| Exercise |
Write out again, exactly, the lines below starting at the one with "R3: 15k; R_0805_2012Metric" and ending at the one with "(EN/IN1), U3.13 (IO16)".

##### Records for this exercise #####

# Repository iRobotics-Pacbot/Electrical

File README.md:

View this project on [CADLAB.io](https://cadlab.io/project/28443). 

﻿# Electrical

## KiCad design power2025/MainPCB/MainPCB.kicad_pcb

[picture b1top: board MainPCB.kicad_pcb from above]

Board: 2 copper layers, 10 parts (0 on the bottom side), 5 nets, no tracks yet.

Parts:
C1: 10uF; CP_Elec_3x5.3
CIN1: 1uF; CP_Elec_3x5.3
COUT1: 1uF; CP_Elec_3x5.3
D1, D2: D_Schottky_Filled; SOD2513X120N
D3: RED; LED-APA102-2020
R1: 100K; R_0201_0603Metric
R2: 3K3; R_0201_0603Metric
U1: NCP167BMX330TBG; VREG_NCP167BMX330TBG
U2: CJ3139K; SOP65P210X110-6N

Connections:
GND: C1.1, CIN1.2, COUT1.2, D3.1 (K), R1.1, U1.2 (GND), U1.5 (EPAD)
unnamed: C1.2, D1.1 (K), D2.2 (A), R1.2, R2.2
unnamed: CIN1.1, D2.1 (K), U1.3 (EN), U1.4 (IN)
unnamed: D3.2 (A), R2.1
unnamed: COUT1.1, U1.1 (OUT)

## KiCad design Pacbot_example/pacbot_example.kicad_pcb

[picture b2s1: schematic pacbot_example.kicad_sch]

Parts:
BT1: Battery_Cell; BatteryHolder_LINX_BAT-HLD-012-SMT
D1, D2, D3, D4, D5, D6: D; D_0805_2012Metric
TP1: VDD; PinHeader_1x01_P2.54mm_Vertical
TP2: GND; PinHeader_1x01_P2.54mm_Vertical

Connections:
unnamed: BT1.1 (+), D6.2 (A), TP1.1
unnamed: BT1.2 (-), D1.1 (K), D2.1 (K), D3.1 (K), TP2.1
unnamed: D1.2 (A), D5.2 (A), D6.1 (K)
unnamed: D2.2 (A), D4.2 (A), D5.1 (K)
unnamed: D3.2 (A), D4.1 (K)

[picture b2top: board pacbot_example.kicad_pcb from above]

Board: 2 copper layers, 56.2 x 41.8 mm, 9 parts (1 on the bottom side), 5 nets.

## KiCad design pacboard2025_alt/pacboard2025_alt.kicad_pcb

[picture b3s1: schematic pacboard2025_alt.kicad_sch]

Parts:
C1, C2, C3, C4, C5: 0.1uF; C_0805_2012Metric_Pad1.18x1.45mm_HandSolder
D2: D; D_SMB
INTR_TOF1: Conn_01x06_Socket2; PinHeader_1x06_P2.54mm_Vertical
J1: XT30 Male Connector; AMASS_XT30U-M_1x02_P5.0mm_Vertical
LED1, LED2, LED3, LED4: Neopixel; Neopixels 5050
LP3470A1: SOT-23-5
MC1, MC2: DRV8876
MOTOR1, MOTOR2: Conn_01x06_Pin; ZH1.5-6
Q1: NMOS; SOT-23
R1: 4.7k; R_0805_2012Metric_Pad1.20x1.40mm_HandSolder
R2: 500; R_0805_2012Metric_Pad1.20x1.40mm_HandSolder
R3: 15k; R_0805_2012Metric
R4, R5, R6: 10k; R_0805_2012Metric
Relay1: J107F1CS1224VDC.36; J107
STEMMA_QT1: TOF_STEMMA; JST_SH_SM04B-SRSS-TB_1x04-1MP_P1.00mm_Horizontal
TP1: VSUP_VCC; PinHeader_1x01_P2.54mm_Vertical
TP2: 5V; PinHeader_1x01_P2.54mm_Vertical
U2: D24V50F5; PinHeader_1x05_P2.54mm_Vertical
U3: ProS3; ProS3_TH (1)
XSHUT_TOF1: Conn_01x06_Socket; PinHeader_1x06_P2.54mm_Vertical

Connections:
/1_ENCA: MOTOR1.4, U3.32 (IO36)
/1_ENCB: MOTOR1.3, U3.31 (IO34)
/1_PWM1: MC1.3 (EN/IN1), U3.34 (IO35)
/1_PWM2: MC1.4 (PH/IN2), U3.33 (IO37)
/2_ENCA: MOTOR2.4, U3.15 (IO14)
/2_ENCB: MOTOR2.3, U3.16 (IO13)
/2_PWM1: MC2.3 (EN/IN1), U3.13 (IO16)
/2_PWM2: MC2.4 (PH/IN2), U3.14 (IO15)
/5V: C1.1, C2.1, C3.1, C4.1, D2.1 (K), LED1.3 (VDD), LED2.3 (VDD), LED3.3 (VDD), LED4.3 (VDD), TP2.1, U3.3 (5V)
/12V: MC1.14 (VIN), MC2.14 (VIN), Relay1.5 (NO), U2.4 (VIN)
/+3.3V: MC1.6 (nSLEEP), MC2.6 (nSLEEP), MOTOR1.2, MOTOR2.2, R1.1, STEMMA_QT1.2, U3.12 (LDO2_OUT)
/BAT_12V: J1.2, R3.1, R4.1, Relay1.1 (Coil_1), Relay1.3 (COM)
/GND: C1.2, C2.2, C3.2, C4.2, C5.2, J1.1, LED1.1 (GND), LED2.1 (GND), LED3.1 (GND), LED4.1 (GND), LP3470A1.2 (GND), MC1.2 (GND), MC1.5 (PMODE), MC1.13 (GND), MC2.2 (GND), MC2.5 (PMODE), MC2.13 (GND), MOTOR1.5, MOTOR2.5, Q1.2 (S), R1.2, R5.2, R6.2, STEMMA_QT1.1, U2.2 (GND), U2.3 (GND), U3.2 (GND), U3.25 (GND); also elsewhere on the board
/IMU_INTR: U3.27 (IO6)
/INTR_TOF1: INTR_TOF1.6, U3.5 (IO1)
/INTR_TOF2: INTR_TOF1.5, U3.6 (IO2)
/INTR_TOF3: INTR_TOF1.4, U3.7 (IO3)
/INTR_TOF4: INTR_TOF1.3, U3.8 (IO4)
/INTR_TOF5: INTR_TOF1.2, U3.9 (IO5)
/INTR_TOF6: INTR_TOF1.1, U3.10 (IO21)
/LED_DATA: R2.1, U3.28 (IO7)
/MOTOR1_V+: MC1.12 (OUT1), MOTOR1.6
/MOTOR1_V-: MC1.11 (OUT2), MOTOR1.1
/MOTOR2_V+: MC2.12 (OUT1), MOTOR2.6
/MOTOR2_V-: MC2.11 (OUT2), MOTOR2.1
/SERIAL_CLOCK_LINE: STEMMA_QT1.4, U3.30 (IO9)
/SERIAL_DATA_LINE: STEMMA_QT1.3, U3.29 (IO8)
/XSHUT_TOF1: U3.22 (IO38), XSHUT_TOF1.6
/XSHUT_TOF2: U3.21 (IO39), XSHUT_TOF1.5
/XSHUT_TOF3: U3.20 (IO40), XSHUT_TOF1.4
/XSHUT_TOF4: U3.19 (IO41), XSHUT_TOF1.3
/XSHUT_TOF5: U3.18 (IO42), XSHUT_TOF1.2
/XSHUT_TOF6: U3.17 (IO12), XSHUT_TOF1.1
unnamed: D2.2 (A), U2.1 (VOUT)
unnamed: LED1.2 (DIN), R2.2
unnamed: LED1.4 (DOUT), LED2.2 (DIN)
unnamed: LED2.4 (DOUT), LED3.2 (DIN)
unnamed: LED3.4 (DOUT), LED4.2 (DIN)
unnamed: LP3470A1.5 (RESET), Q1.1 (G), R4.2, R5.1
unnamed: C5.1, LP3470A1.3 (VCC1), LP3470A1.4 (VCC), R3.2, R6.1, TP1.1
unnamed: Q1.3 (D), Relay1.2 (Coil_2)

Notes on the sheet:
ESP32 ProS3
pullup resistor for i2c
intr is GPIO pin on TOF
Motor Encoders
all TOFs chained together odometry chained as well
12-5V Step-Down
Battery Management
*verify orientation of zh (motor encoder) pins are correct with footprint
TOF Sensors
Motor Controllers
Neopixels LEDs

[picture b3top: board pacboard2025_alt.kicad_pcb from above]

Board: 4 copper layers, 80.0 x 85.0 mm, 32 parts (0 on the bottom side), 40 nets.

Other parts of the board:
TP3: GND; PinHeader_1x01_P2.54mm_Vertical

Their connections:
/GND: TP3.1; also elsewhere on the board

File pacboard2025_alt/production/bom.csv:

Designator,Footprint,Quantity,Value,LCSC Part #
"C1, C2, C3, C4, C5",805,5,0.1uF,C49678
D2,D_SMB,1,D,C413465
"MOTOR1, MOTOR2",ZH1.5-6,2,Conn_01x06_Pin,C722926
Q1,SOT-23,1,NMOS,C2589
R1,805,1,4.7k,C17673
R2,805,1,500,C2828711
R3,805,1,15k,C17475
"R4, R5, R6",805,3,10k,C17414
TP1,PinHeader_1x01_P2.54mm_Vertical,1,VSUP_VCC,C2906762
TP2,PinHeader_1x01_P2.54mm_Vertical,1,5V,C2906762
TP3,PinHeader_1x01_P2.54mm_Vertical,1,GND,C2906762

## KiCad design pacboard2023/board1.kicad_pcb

#####

| Response |
R3: 15k; R_0805_2012Metric
R4, R5, R6: 10k; R_0805_2012Metric
Relay1: J107F1CS1224VDC.36; J107
STEMMA_QT1: TOF_STEMMA; JST_SH_SM04B-SRSS-TB_1x04-1MP_P1.00mm_Horizontal
TP1: VSUP_VCC; PinHeader_1x01_P2.54mm_Vertical
TP2: 5V; PinHeader_1x01_P2.54mm_Vertical
U2: D24V50F5; PinHeader_1x05_P2.54mm_Vertical
U3: ProS3; ProS3_TH (1)
XSHUT_TOF1: Conn_01x06_Socket; PinHeader_1x06_P2.54mm_Vertical

Connections:
/1_ENCA: MOTOR1.4, U3.32 (IO36)
/1_ENCB: MOTOR1.3, U3.31 (IO34)
/1_PWM1: MC1.3 (EN/IN1), U3.34 (IO35)
/1_PWM2: MC1.4 (PH/IN2), U3.33 (IO37)
/2_ENCA: MOTOR2.4, U3.15 (IO14)
/2_ENCB: MOTOR2.3, U3.16 (IO13)
/2_PWM1: MC2.3 (EN/IN1), U3.13 (IO16)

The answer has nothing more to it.